:: WORK TASK ::
Take the data below and copy exactly the lines starting at the one with "#112=CARTESIAN_POINT('',(50.,60.,25.));" and finishing at the one with "#126=DIRECTION('',(-1.,0.,0.));", both included.

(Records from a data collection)
• • •

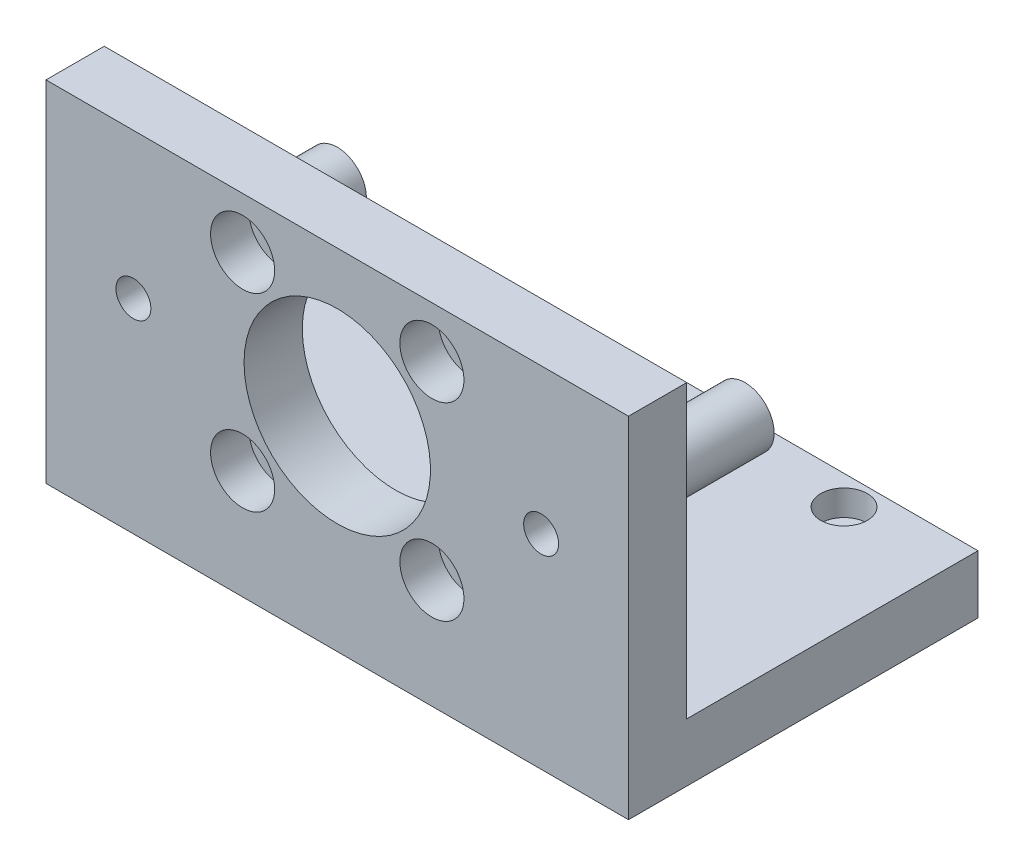
ISO-10303-21;
HEADER;
FILE_DESCRIPTION(('STEP AP214'),'2;1');
FILE_NAME('part.step','',(''),(''),'','','');
FILE_SCHEMA(('AUTOMOTIVE_DESIGN { 1 0 10303 214 1 1 1 1 }'));
ENDSEC;
DATA;
#1=APPLICATION_CONTEXT('core data for automotive mechanical design processes');
#2=APPLICATION_PROTOCOL_DEFINITION('international standard','automotive_design',2000,#1);
#3=PRODUCT_CONTEXT('',#1,'mechanical');
#4=PRODUCT('Part','Part','',(#3));
#5=PRODUCT_RELATED_PRODUCT_CATEGORY('part','',(#4));
#6=PRODUCT_DEFINITION_FORMATION('','',#4);
#7=PRODUCT_DEFINITION_CONTEXT('part definition',#1,'design');
#8=PRODUCT_DEFINITION('design','',#6,#7);
#9=PRODUCT_DEFINITION_SHAPE('','',#8);
#10=(LENGTH_UNIT() NAMED_UNIT(*) SI_UNIT(.MILLI.,.METRE.));
#11=(NAMED_UNIT(*) PLANE_ANGLE_UNIT() SI_UNIT($,.RADIAN.));
#12=(NAMED_UNIT(*) SI_UNIT($,.STERADIAN.) SOLID_ANGLE_UNIT());
#13=UNCERTAINTY_MEASURE_WITH_UNIT(LENGTH_MEASURE(1.E-05),#10,'distance_accuracy_value','');
#14=(GEOMETRIC_REPRESENTATION_CONTEXT(3) GLOBAL_UNCERTAINTY_ASSIGNED_CONTEXT((#13)) GLOBAL_UNIT_ASSIGNED_CONTEXT((#10,
#11,#12)) REPRESENTATION_CONTEXT('',''));
#15=CARTESIAN_POINT('',(0.,0.,0.));
#16=DIRECTION('',(0.,0.,1.));
#17=DIRECTION('',(1.,0.,0.));
#18=AXIS2_PLACEMENT_3D('',#15,#16,#17);
#19=CARTESIAN_POINT('',(0.,0.,25.));
#20=DIRECTION('',(0.,0.,-1.));
#21=DIRECTION('',(-1.,0.,0.));
#22=AXIS2_PLACEMENT_3D('',#19,#20,#21);
#23=PLANE('',#22);
#24=CARTESIAN_POINT('',(35.,35.,25.));
#25=DIRECTION('',(0.,0.,-1.));
#26=DIRECTION('',(-1.,0.,0.));
#27=AXIS2_PLACEMENT_3D('',#24,#25,#26);
#28=CIRCLE('',#27,5.);
#29=CARTESIAN_POINT('',(30.,35.,25.));
#30=VERTEX_POINT('',#29);
#31=EDGE_CURVE('E525',#30,#30,#28,.T.);
#32=ORIENTED_EDGE('',*,*,#31,.F.);
#33=EDGE_LOOP('',(#32));
#34=FACE_BOUND('',#33,.T.);
#35=CARTESIAN_POINT('',(-16.25,51.25,25.));
#36=DIRECTION('',(0.,0.,-1.));
#37=DIRECTION('',(-1.,0.,0.));
#38=AXIS2_PLACEMENT_3D('',#35,#36,#37);
#39=CIRCLE('',#38,3.3);
#40=CARTESIAN_POINT('',(-19.55,51.25,25.));
#41=VERTEX_POINT('',#40);
#42=EDGE_CURVE('E171',#41,#41,#39,.T.);
#43=ORIENTED_EDGE('',*,*,#42,.F.);
#44=EDGE_LOOP('',(#43));
#45=FACE_BOUND('',#44,.T.);
#46=CARTESIAN_POINT('',(-16.25,18.75,25.));
#47=DIRECTION('',(0.,0.,-1.));
#48=DIRECTION('',(-1.,0.,0.));
#49=AXIS2_PLACEMENT_3D('',#46,#47,#48);
#50=CIRCLE('',#49,3.3);
#51=CARTESIAN_POINT('',(-19.55,18.75,25.));
#52=VERTEX_POINT('',#51);
#53=EDGE_CURVE('E177',#52,#52,#50,.T.);
#54=ORIENTED_EDGE('',*,*,#53,.F.);
#55=EDGE_LOOP('',(#54));
#56=FACE_BOUND('',#55,.T.);
#57=CARTESIAN_POINT('',(16.25,18.75,25.));
#58=DIRECTION('',(0.,0.,-1.));
#59=DIRECTION('',(-1.,0.,0.));
#60=AXIS2_PLACEMENT_3D('',#57,#58,#59);
#61=CIRCLE('',#60,3.3);
#62=CARTESIAN_POINT('',(12.95,18.75,25.));
#63=VERTEX_POINT('',#62);
#64=EDGE_CURVE('E184',#63,#63,#61,.T.);
#65=ORIENTED_EDGE('',*,*,#64,.F.);
#66=EDGE_LOOP('',(#65));
#67=FACE_BOUND('',#66,.T.);
#68=CARTESIAN_POINT('',(16.25,51.25,25.));
#69=DIRECTION('',(0.,0.,-1.));
#70=DIRECTION('',(-1.,0.,0.));
#71=AXIS2_PLACEMENT_3D('',#68,#69,#70);
#72=CIRCLE('',#71,3.3);
#73=CARTESIAN_POINT('',(12.95,51.25,25.));
#74=VERTEX_POINT('',#73);
#75=EDGE_CURVE('E188',#74,#74,#72,.T.);
#76=ORIENTED_EDGE('',*,*,#75,.F.);
#77=EDGE_LOOP('',(#76));
#78=FACE_BOUND('',#77,.T.);
#79=CARTESIAN_POINT('',(0.,35.,25.));
#80=DIRECTION('',(0.,0.,-1.));
#81=DIRECTION('',(-1.,0.,0.));
#82=AXIS2_PLACEMENT_3D('',#79,#80,#81);
#83=CIRCLE('',#82,16.);
#84=CARTESIAN_POINT('',(-16.,35.,25.));
#85=VERTEX_POINT('',#84);
#86=EDGE_CURVE('E192',#85,#85,#83,.T.);
#87=ORIENTED_EDGE('',*,*,#86,.F.);
#88=EDGE_LOOP('',(#87));
#89=FACE_BOUND('',#88,.T.);
#90=DIRECTION('',(1.,0.,0.));
#91=VECTOR('',#90,1.);
#92=CARTESIAN_POINT('',(-50.,10.,25.));
#93=LINE('',#92,#91);
#94=CARTESIAN_POINT('',(-50.,10.,25.));
#95=VERTEX_POINT('',#94);
#96=CARTESIAN_POINT('',(50.,10.,25.));
#97=VERTEX_POINT('',#96);
#98=EDGE_CURVE('E81',#95,#97,#93,.T.);
#99=ORIENTED_EDGE('',*,*,#98,.F.);
#100=DIRECTION('',(0.,-1.,0.));
#101=VECTOR('',#100,1.);
#102=CARTESIAN_POINT('',(-50.,0.,25.));
#103=LINE('',#102,#101);
#104=CARTESIAN_POINT('',(-50.,60.,25.));
#105=VERTEX_POINT('',#104);
#106=EDGE_CURVE('E197',#105,#95,#103,.T.);
#107=ORIENTED_EDGE('',*,*,#106,.F.);
#108=DIRECTION('',(-1.,0.,0.));
#109=VECTOR('',#108,1.);
#110=CARTESIAN_POINT('',(-50.,60.,25.));
#111=LINE('',#110,#109);
#112=CARTESIAN_POINT('',(50.,60.,25.));
#113=VERTEX_POINT('',#112);
#114=EDGE_CURVE('E206',#113,#105,#111,.T.);
#115=ORIENTED_EDGE('',*,*,#114,.F.);
#116=DIRECTION('',(0.,1.,0.));
#117=VECTOR('',#116,1.);
#118=CARTESIAN_POINT('',(50.,0.,25.));
#119=LINE('',#118,#117);
#120=EDGE_CURVE('E64',#97,#113,#119,.T.);
#121=ORIENTED_EDGE('',*,*,#120,.F.);
#122=EDGE_LOOP('',(#99,#107,#115,#121));
#123=FACE_BOUND('',#122,.T.);
#124=CARTESIAN_POINT('',(-35.,35.,25.));
#125=DIRECTION('',(0.,0.,-1.));
#126=DIRECTION('',(-1.,0.,0.));
#127=AXIS2_PLACEMENT_3D('',#124,#125,#126);
#128=CIRCLE('',#127,5.);
#129=CARTESIAN_POINT('',(-40.,35.,25.));
#130=VERTEX_POINT('',#129);
#131=EDGE_CURVE('E512',#130,#130,#128,.T.);
#132=ORIENTED_EDGE('',*,*,#131,.F.);
#133=EDGE_LOOP('',(#132));
#134=FACE_BOUND('',#133,.T.);
#135=ADVANCED_FACE('F44',(#34,#45,#56,#67,#78,#89,#123,#134),#23,.T.);
#136=CARTESIAN_POINT('',(16.25,51.25,35.));
#137=DIRECTION('',(0.,0.,-1.));
#138=DIRECTION('',(-1.,0.,0.));
#139=AXIS2_PLACEMENT_3D('',#136,#137,#138);
#140=CYLINDRICAL_SURFACE('',#139,3.3);
#141=ORIENTED_EDGE('',*,*,#75,.T.);
#142=EDGE_LOOP('',(#141));
#143=FACE_BOUND('',#142,.T.);
#144=CARTESIAN_POINT('',(16.25,51.25,28.4));
#145=DIRECTION('',(0.,0.,1.));
#146=DIRECTION('',(1.,0.,0.));
#147=AXIS2_PLACEMENT_3D('',#144,#145,#146);
#148=CIRCLE('',#147,3.3);
#149=CARTESIAN_POINT('',(19.55,51.25,28.4));
#150=VERTEX_POINT('',#149);
#151=EDGE_CURVE('E48',#150,#150,#148,.F.);
#152=ORIENTED_EDGE('',*,*,#151,.F.);
#153=EDGE_LOOP('',(#152));
#154=FACE_BOUND('',#153,.T.);
#155=ADVANCED_FACE('F307',(#143,#154),#140,.F.);
#156=CARTESIAN_POINT('',(16.25,18.75,35.));
#157=DIRECTION('',(0.,0.,-1.));
#158=DIRECTION('',(-1.,0.,0.));
#159=AXIS2_PLACEMENT_3D('',#156,#157,#158);
#160=CYLINDRICAL_SURFACE('',#159,3.3);
#161=ORIENTED_EDGE('',*,*,#64,.T.);
#162=EDGE_LOOP('',(#161));
#163=FACE_BOUND('',#162,.T.);
#164=CARTESIAN_POINT('',(16.25,18.75,28.4));
#165=DIRECTION('',(0.,0.,1.));
#166=DIRECTION('',(1.,0.,0.));
#167=AXIS2_PLACEMENT_3D('',#164,#165,#166);
#168=CIRCLE('',#167,3.3);
#169=CARTESIAN_POINT('',(19.55,18.75,28.4));
#170=VERTEX_POINT('',#169);
#171=EDGE_CURVE('E163',#170,#170,#168,.F.);
#172=ORIENTED_EDGE('',*,*,#171,.F.);
#173=EDGE_LOOP('',(#172));
#174=FACE_BOUND('',#173,.T.);
#175=ADVANCED_FACE('F313',(#163,#174),#160,.F.);
#176=CARTESIAN_POINT('',(-16.25,18.75,35.));
#177=DIRECTION('',(0.,0.,-1.));
#178=DIRECTION('',(-1.,0.,0.));
#179=AXIS2_PLACEMENT_3D('',#176,#177,#178);
#180=CYLINDRICAL_SURFACE('',#179,3.3);
#181=ORIENTED_EDGE('',*,*,#53,.T.);
#182=EDGE_LOOP('',(#181));
#183=FACE_BOUND('',#182,.T.);
#184=CARTESIAN_POINT('',(-16.25,18.75,28.4));
#185=DIRECTION('',(0.,0.,1.));
#186=DIRECTION('',(1.,0.,0.));
#187=AXIS2_PLACEMENT_3D('',#184,#185,#186);
#188=CIRCLE('',#187,3.3);
#189=CARTESIAN_POINT('',(-12.95,18.75,28.4));
#190=VERTEX_POINT('',#189);
#191=EDGE_CURVE('E159',#190,#190,#188,.F.);
#192=ORIENTED_EDGE('',*,*,#191,.F.);
#193=EDGE_LOOP('',(#192));
#194=FACE_BOUND('',#193,.T.);
#195=ADVANCED_FACE('F369',(#183,#194),#180,.F.);
#196=CARTESIAN_POINT('',(-16.25,51.25,35.));
#197=DIRECTION('',(0.,0.,-1.));
#198=DIRECTION('',(-1.,0.,0.));
#199=AXIS2_PLACEMENT_3D('',#196,#197,#198);
#200=CYLINDRICAL_SURFACE('',#199,3.3);
#201=ORIENTED_EDGE('',*,*,#42,.T.);
#202=EDGE_LOOP('',(#201));
#203=FACE_BOUND('',#202,.T.);
#204=CARTESIAN_POINT('',(-16.25,51.25,28.4));
#205=DIRECTION('',(0.,0.,1.));
#206=DIRECTION('',(1.,0.,0.));
#207=AXIS2_PLACEMENT_3D('',#204,#205,#206);
#208=CIRCLE('',#207,3.3);
#209=CARTESIAN_POINT('',(-12.95,51.25,28.4));
#210=VERTEX_POINT('',#209);
#211=EDGE_CURVE('E155',#210,#210,#208,.F.);
#212=ORIENTED_EDGE('',*,*,#211,.F.);
#213=EDGE_LOOP('',(#212));
#214=FACE_BOUND('',#213,.T.);
#215=ADVANCED_FACE('F364',(#203,#214),#200,.F.);
#216=CARTESIAN_POINT('',(32.,0.,-20.));
#217=DIRECTION('',(0.,1.,0.));
#218=DIRECTION('',(0.,0.,1.));
#219=AXIS2_PLACEMENT_3D('',#216,#217,#218);
#220=CYLINDRICAL_SURFACE('',#219,2.25);
#221=CARTESIAN_POINT('',(32.,0.,-20.));
#222=DIRECTION('',(0.,1.,0.));
#223=DIRECTION('',(0.,0.,1.));
#224=AXIS2_PLACEMENT_3D('',#221,#222,#223);
#225=CIRCLE('',#224,2.25);
#226=CARTESIAN_POINT('',(32.,0.,-17.75));
#227=VERTEX_POINT('',#226);
#228=EDGE_CURVE('E120',#227,#227,#225,.T.);
#229=ORIENTED_EDGE('',*,*,#228,.F.);
#230=EDGE_LOOP('',(#229));
#231=FACE_BOUND('',#230,.T.);
#232=CARTESIAN_POINT('',(32.,5.6,-20.));
#233=DIRECTION('',(0.,1.,0.));
#234=DIRECTION('',(0.,0.,1.));
#235=AXIS2_PLACEMENT_3D('',#232,#233,#234);
#236=CIRCLE('',#235,2.25);
#237=CARTESIAN_POINT('',(32.,5.6,-17.75));
#238=VERTEX_POINT('',#237);
#239=EDGE_CURVE('E150',#238,#238,#236,.F.);
#240=ORIENTED_EDGE('',*,*,#239,.F.);
#241=EDGE_LOOP('',(#240));
#242=FACE_BOUND('',#241,.T.);
#243=ADVANCED_FACE('F354',(#231,#242),#220,.F.);
#244=CARTESIAN_POINT('',(32.,0.,20.));
#245=DIRECTION('',(0.,1.,0.));
#246=DIRECTION('',(0.,0.,1.));
#247=AXIS2_PLACEMENT_3D('',#244,#245,#246);
#248=CYLINDRICAL_SURFACE('',#247,2.25);
#249=CARTESIAN_POINT('',(32.,0.,20.));
#250=DIRECTION('',(0.,1.,0.));
#251=DIRECTION('',(0.,0.,1.));
#252=AXIS2_PLACEMENT_3D('',#249,#250,#251);
#253=CIRCLE('',#252,2.25);
#254=CARTESIAN_POINT('',(32.,0.,22.25));
#255=VERTEX_POINT('',#254);
#256=EDGE_CURVE('E127',#255,#255,#253,.T.);
#257=ORIENTED_EDGE('',*,*,#256,.F.);
#258=EDGE_LOOP('',(#257));
#259=FACE_BOUND('',#258,.T.);
#260=CARTESIAN_POINT('',(32.,5.6,20.));
#261=DIRECTION('',(0.,1.,0.));
#262=DIRECTION('',(0.,0.,1.));
#263=AXIS2_PLACEMENT_3D('',#260,#261,#262);
#264=CIRCLE('',#263,2.25);
#265=CARTESIAN_POINT('',(32.,5.6,22.25));
#266=VERTEX_POINT('',#265);
#267=EDGE_CURVE('E146',#266,#266,#264,.F.);
#268=ORIENTED_EDGE('',*,*,#267,.F.);
#269=EDGE_LOOP('',(#268));
#270=FACE_BOUND('',#269,.T.);
#271=ADVANCED_FACE('F350',(#259,#270),#248,.F.);
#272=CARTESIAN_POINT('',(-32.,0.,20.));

• • •

:: RESPONSE FOR THIS EXERCISE ::
#112=CARTESIAN_POINT('',(50.,60.,25.));
#113=VERTEX_POINT('',#112);
#114=EDGE_CURVE('E206',#113,#105,#111,.T.);
#115=ORIENTED_EDGE('',*,*,#114,.F.);
#116=DIRECTION('',(0.,1.,0.));
#117=VECTOR('',#116,1.);
#118=CARTESIAN_POINT('',(50.,0.,25.));
#119=LINE('',#118,#117);
#120=EDGE_CURVE('E64',#97,#113,#119,.T.);
#121=ORIENTED_EDGE('',*,*,#120,.F.);
#122=EDGE_LOOP('',(#99,#107,#115,#121));
#123=FACE_BOUND('',#122,.T.);
#124=CARTESIAN_POINT('',(-35.,35.,25.));
#125=DIRECTION('',(0.,0.,-1.));
#126=DIRECTION('',(-1.,0.,0.));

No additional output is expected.